Register Consul Service and Checks atomically #3935

gahebe · 2018-03-05T11:07:11Z

Context

We use Nomad with Consul and Docker to deploy Grpc services to a cluster. We use Linkerd as the loadbalancer, it uses Consul to get the availability information of the services.

Scenario

We observe transient errors at the consumer when a new instance of the service is getting started during the service update with Nomad.
(Tcp health check is used to avoid routing request to it when the Docker container has started and the service inside is not ready yet to receive requests. Linkerd is configured to only consider services with passing health check status)

Expected behavior

Being able to update the services seamlessly with the above setup.

Versions

Nomad v0.6.3
Consul v1.0.3
Linkerd v1.3.5

Analysis

Linkerd uses blocking queries to get availability info from Consul.
Example: /v1/health/service/testservice?index=1366&dc=dc1&passing=true
I captured the network traffic and this type of query returns the new service instance without the Tcp health check being defined first, then shortly afterwards it returns it the with Tcp health check.
So it seems Consul considers the service “passing” when it does not have health checks defined,
and Nomad first registers the new service instance and then it registers its health checks in a separate call.
The captured network packets (Nomad -> Consul) confirms that it happens separately:

PUT /v1/agent/service/register HTTP/1.1
Host: 127.0.0.1:8500
User-Agent: Go-http-client/1.1
Content-Length: 165
Accept-Encoding: gzip
{"ID":"_nomad-executor-47313988-2a65-66e0-46af-491023330cca-session-testservice",
"Name":"testservice","Port":27123,"Address":"10.0.75.1","Check":null,"Checks":null}

HTTP/1.1 200 OK
Date: Fri, 02 Mar 2018 14:33:31 GMT
Content-Length: 0
Content-Type: text/plain; charset=utf-8

PUT /v1/agent/check/register HTTP/1.1
Host: 127.0.0.1:8500
User-Agent: Go-http-client/1.1
Content-Length: 233
Accept-Encoding: gzip
{"ID":"942d6c5b20bea9520f70ced61336a2987bf9c530","Name":"service: \"testservice\" check",
"ServiceID":"_nomad-executor-47313988-2a65-66e0-46af-491023330cca-session-testservice",
"Interval":"10s","Timeout":"2s","TCP":"10.0.75.1:27123"}

HTTP/1.1 200 OK
Date: Fri, 02 Mar 2018 14:33:31 GMT
Content-Length: 0
Content-Type: text/plain; charset=utf-8

Nomad should register the service and its health checks in one call in Consul,
otherwise the new service instance is considered healthy even before Nomad registers its health check, I believe.

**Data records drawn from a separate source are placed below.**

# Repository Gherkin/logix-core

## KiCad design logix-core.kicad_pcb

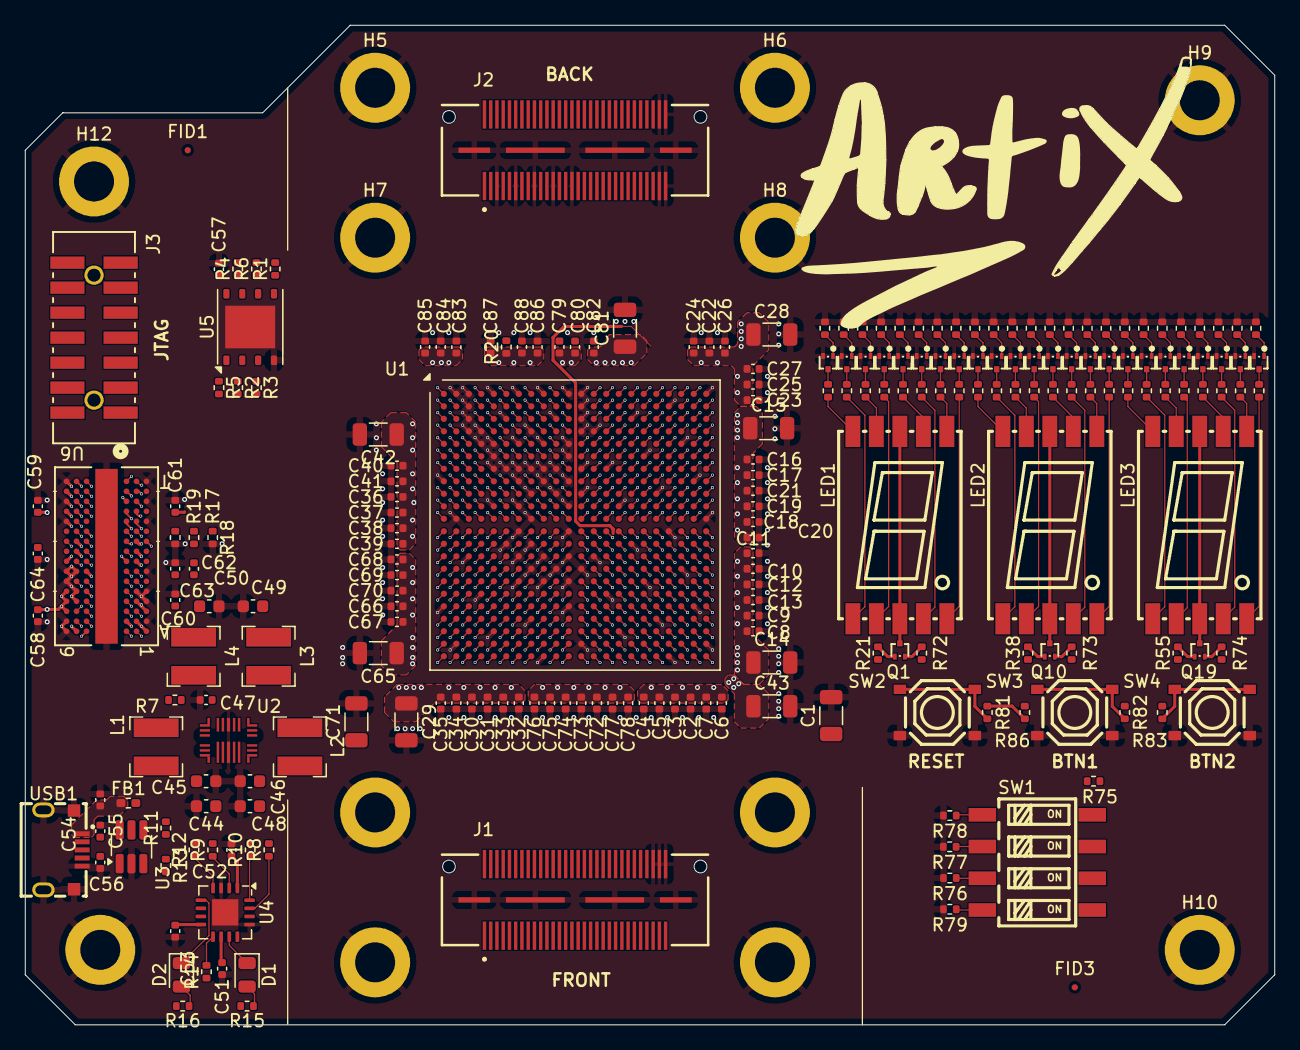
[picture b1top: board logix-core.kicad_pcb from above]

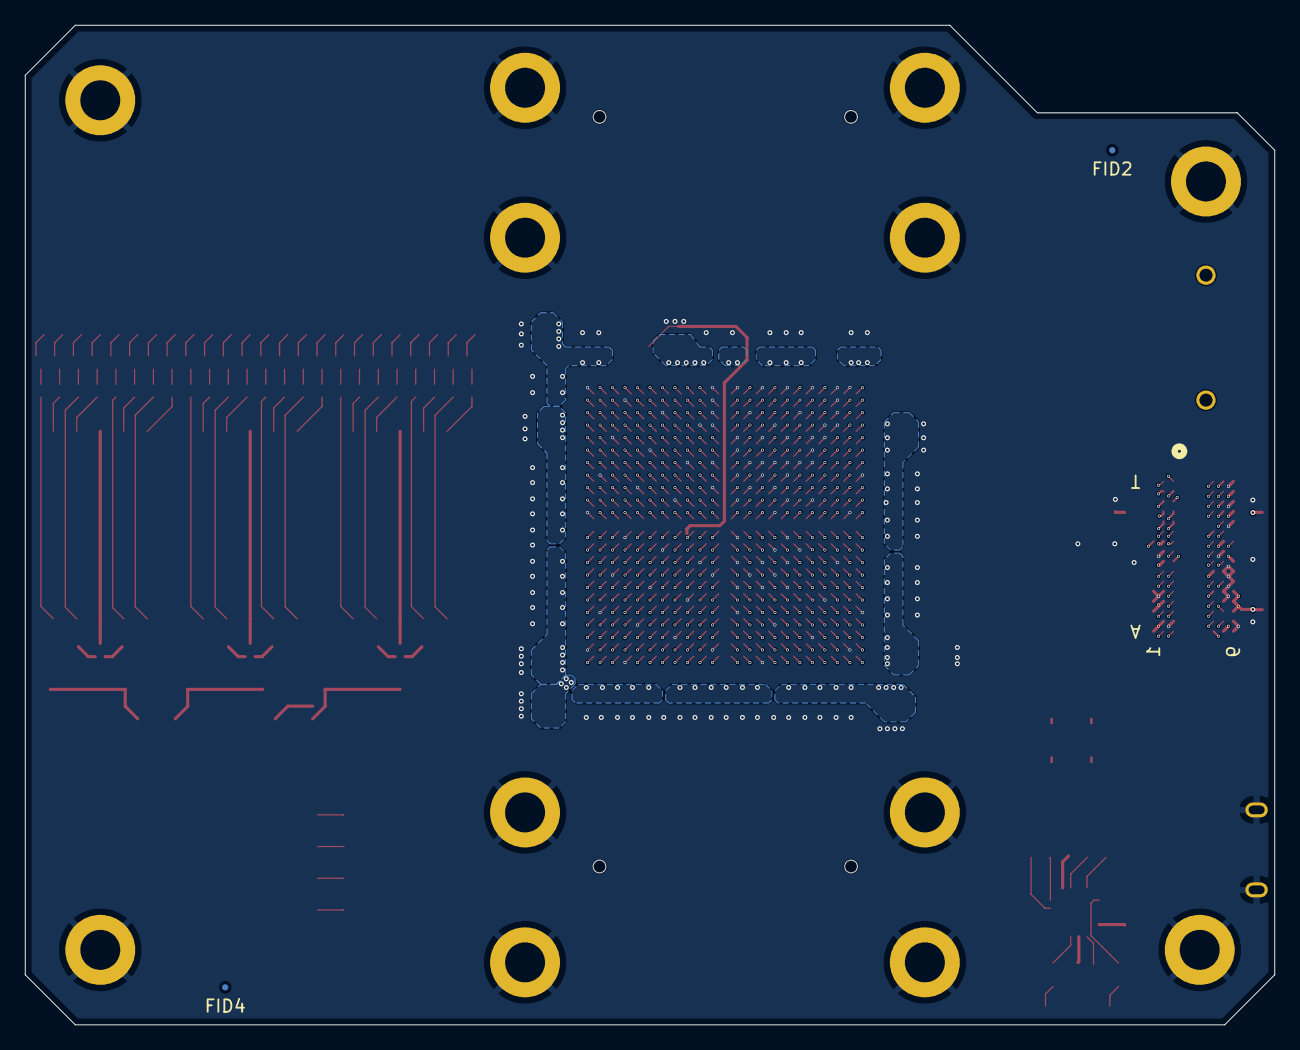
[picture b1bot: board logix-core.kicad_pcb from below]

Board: 6 copper layers, 100.0 x 80.0 mm, 238 parts (2 on the bottom side), 191 nets.

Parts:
C1, C14, C15, C28, C29, C42, C43, C71, C81: 47u; C_1206_3216Metric
C2, C3, C12, C13, C16, C17, C26, C27, C30, C31, C40, C41, C66, C67, C72, C73, C83, C88: 4.7u; C_0402_1005Metric
C4, C5, C6, C7, C8, C9, C10, C11, C18, C19, C20, C21, C22, C23, C24, C25, C32, C33, C34, C35, C36, C37, C38, C39, C68, C69, C70, C74, C75, C76, C77, C78, C79, C82: 0.47u; C_0402_1005Metric
C44, C45, C46, C48, C49, C50: 22u; C_0603_1608Metric
C47, C58, C59, C60, C61, C63: 1u; C_0402_1005Metric
C51, C52, C53, C57, C84, C85, C86, C87: 100n; C_0402_1005Metric
C54, C62, C64, C80: 10n; C_0402_1005Metric
C55, C56: 47p; C_0402_1005Metric
C65: 100u; C_1206_3216Metric
D1, D2: LED; LED_0805_2012Metric
FB1: FerriteBead; R_0402_1005Metric_Pad0.72x0.64mm_HandSolder
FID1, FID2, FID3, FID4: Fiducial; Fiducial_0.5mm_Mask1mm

The text was updated successfully, but these errors were encountered:

jippi · 2018-03-05T11:16:51Z

we use linkerd with nomad too, it works fine

https://www.nomadproject.io/docs/job-specification/service.html#initial_status set initial state to critical, shouldn't be healthy until your app says so
put something like 5-10s in your task shutdown_delay https://www.nomadproject.io/docs/job-specification/task.html#shutdown_delay - so linkerd forgets about the alloc before the kill signal is even sent to the process
make sure your task kill_signal ( https://www.nomadproject.io/docs/job-specification/task.html#kill_timeout ) is sufficiently long for your task to drain on-going results
make sure your client config has a high enough max kill timeout https://www.nomadproject.io/docs/agent/configuration/client.html#max_kill_timeout
success

gahebe · 2018-03-05T12:21:43Z

@jippi Thanks for your help. In our case the shutdown part is not the problem, we confirmed it works fine (we use shutdown_delay, ...). The problem is the new instance is considered healthy before the health check gets registered. We can almost always reproduce that under heavy load.
I believe that setting initial_status to critical will not change this for two reasons:

This is a property on the health check itself, and our problem is Nomad registers the health check separately bit later.
If you check the second PUT request (in the first comment) that Nomad sends to Consul, you can see that we do not specify the initial_status in the job specification, and in that case it defaults to critical on Consul side

preetapan · 2018-03-05T20:03:17Z

Thanks for reporting this @gahebe. We are aware of this and are tracking fixing this in a future release.

madsholden · 2020-04-29T06:54:17Z

Did you ever find a work-around for this issue @gahebe? We have the same problem, and can't afford the downtime on every deployment.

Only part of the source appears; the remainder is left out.